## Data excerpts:

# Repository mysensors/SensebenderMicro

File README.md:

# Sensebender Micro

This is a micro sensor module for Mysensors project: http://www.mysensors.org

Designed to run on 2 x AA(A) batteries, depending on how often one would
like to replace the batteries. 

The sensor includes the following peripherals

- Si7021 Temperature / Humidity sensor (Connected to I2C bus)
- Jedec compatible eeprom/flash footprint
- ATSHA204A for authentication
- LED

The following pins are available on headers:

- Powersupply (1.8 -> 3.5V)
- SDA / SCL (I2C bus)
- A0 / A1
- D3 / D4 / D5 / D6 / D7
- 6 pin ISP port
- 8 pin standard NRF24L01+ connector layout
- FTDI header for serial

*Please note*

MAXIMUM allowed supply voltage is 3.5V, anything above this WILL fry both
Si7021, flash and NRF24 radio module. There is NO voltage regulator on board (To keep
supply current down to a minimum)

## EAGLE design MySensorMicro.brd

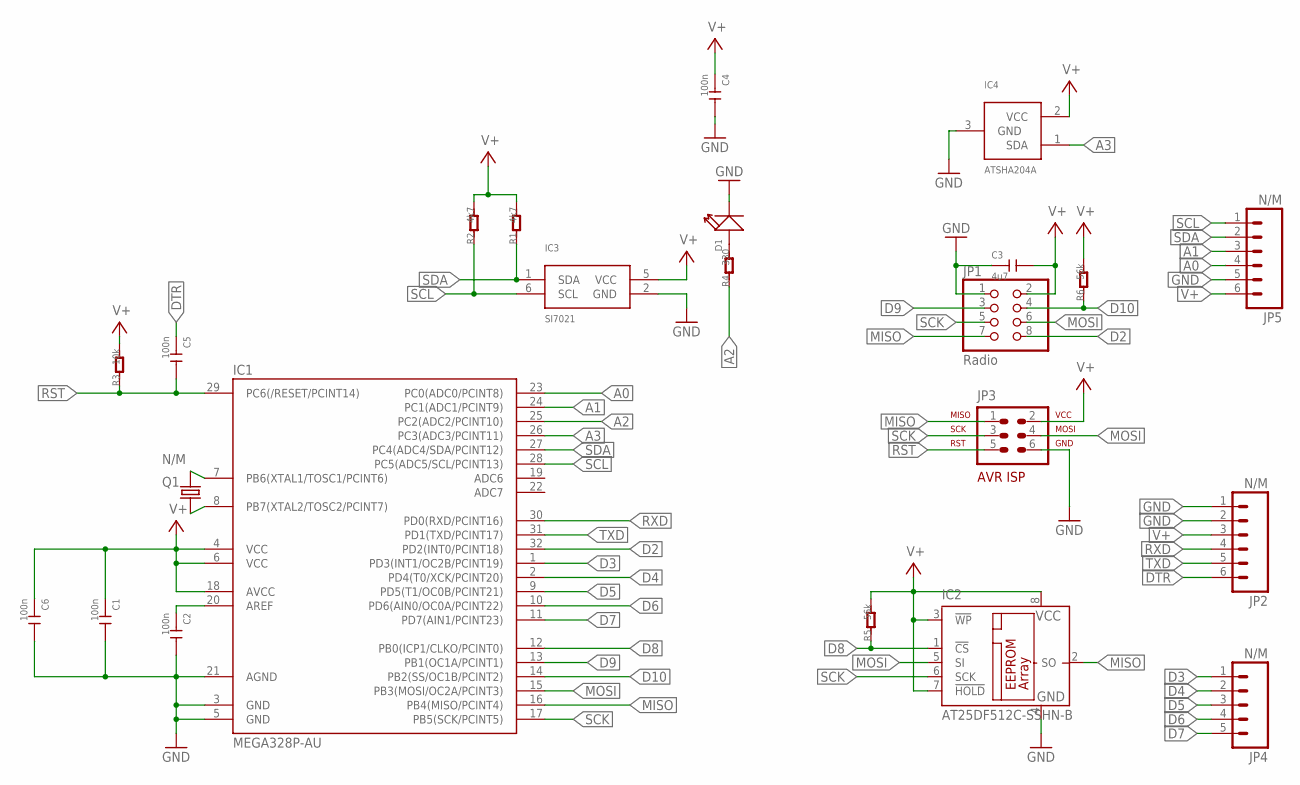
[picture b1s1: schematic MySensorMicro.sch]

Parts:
C1, C2, C4, C5, C6: 100n; C0402
C3: 4u7; C0603
D1: LED-0402
IC1: MEGA328P-AU; TQFP32-08
IC2: AT25DF512C-SSHN-B; SO-08
IC3: SI7021; DFN6
IC4: ATSHA204A; SOT23
JP1: Radio; 2X04
JP2, JP5: N/M; 1X06_NO_SILK
JP3: N/M; AVR-ISP-6
JP4: N/M; 1X05_NO_SILK
Q1: N/M; 2P-L3.2XW1.5MM
R1, R2: 4k7; R0402
R3: 10k; R0402
R4: 330; R0402
R5, R6: 56k; R0402

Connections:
A0: IC1.23 (PC0(ADC0/PCINT8)), JP5.4
A1: IC1.24 (PC1(ADC1/PCINT9)), JP5.3
A2: IC1.25 (PC2(ADC2/PCINT10)), R4.1
A3: IC1.26 (PC3(ADC3/PCINT11)), IC4.1 (SDA)
D2: IC1.32 (PD2(INT0/PCINT18)), JP1.8
D3: IC1.1 (PD3(INT1/OC2B/PCINT19)), JP4.1
D4: IC1.2 (PD4(T0/XCK/PCINT20)), JP4.2
D5: IC1.9 (PD5(T1/OC0B/PCINT21)), JP4.3
D6: IC1.10 (PD6(AIN0/OC0A/PCINT22)), JP4.4
D7: IC1.11 (PD7(AIN1/PCINT23)), JP4.5
D8: IC1.12 (PB0(ICP1/CLKO/PCINT0)), IC2.1 (!CS), R5.1
D9: IC1.13 (PB1(OC1A/PCINT1)), JP1.3
D10: IC1.14 (PB2(SS/OC1B/PCINT2)), JP1.4, R6.1
DTR: C5.1, JP2.6
GND: C1.2, C2.2, C3.1, C4.2, C6.2, D1.-, IC1.3 (GND), IC1.5 (GND), IC1.21 (AGND), IC2.4 (GND), IC3.2 (GND), IC4.3 (GND), JP1.1, JP2.1, JP2.2, JP3.6, JP5.5
MISO: IC1.16 (PB4(MISO/PCINT4)), IC2.2 (SO), JP1.7, JP3.1
MOSI: IC1.15 (PB3(MOSI/OC2A/PCINT3)), IC2.5 (SI), JP1.6, JP3.4
unnamed: IC1.7 (PB6(XTAL1/TOSC1/PCINT6)), Q1.1
unnamed: IC1.8 (PB7(XTAL2/TOSC2/PCINT7)), Q1.2
unnamed: D1.+, R4.2
unnamed: C2.1, IC1.20 (AREF)
RST: C5.2, IC1.29 (PC6(/RESET/PCINT14)), JP3.5, R3.1
RXD: IC1.30 (PD0(RXD/PCINT16)), JP2.4
SCK: IC1.17 (PB5(SCK/PCINT5)), IC2.6 (SCK), JP1.5, JP3.3
SCL: IC1.28 (PC5(ADC5/SCL/PCINT13)), IC3.6 (SCL), JP5.1, R2.1
SDA: IC1.27 (PC4(ADC4/SDA/PCINT12)), IC3.1 (SDA), JP5.2, R1.1
TXD: IC1.31 (PD1(TXD/PCINT17)), JP2.5
V+: C1.1, C3.2, C4.1, C6.1, IC1.4 (VCC), IC1.6 (VCC), IC1.18 (AVCC), IC2.3 (!WP), IC2.7 (!HOLD), IC2.8 (VCC), IC3.5 (VCC), IC4.2 (VCC), JP1.2, JP2.3, JP3.2, JP5.6, R1.2, R2.2, R3.2, R5.2, R6.2

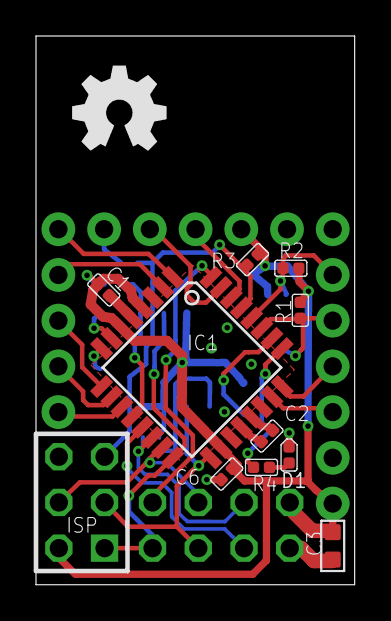
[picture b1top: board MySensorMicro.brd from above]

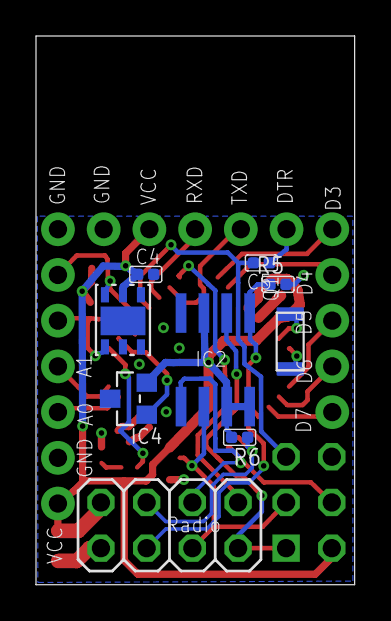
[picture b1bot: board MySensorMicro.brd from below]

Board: 2 copper layers, 17.7 x 30.5 mm, 23 parts (9 on the bottom side), 28 nets.

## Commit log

2015-01-25 Updated readme file
2015-01-25 Cleaned up routing here and there, moved crystal slightly..
2015-01-28 Updated with graphics, sendt to dirtypcbs.com for manufacturing
2015-03-01 Updated part number for external flash
2015-04-01 Updated board layout
2015-04-09 Updated with pullup on both CSN on NRF module, and CE on external flash
2015-04-28 Updated component values on R5/R6
2015-05-03 Updated name
2015-06-08 Added pdf of schematic
2016-03-13 Updated component values on R5/R6
    Fix error > Board and schematic are not consistent! No
    forward-/backannotation will be performed!
    Changes are done using Eagle 7.3.0
2016-03-20 Added BOM file
2016-03-20 Corrected readme file
2016-03-20 Added license files
2016-07-09 Added SensebenderMicro example sketch
2016-07-27 typo
2017-01-23 Fix controller config api change
2017-05-13 Make sure data are sent as expected
    1)Before the fix it took 1 more cycle than expected before the data were sent. Corrected now.
    2)Small fix in threshold checking
2017-06-13 Removed low frequency operation
    the switch to lower frequency operation is not needed, as the battery life is not reduced dramatically, and it confuses users more than necessary, when communication is borked after aprox. 5 minutes 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
2021-09-11 Present BATT_SENSOR as sensorType S_MULTIMETER
    As msgBatt has variable-type 'V_VOLTAGE' it needs type 'S_MULTIMETER'.
    Without this the entity is not being displayed in Home Assistant.

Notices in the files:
parts and their libraries:
SparkFun-Connectors: Licensing: Creative Commons ShareAlike 4.0 International - https://creativecommons.org/licenses/by-sa/4.0

## WHAT TO WORK ON:
Find the word "from" in the entries, then copy out every line that has it.

## ANSWER TO THIS PROBLEM:
[picture b1top: board MySensorMicro.brd from above]
[picture b1bot: board MySensorMicro.brd from below]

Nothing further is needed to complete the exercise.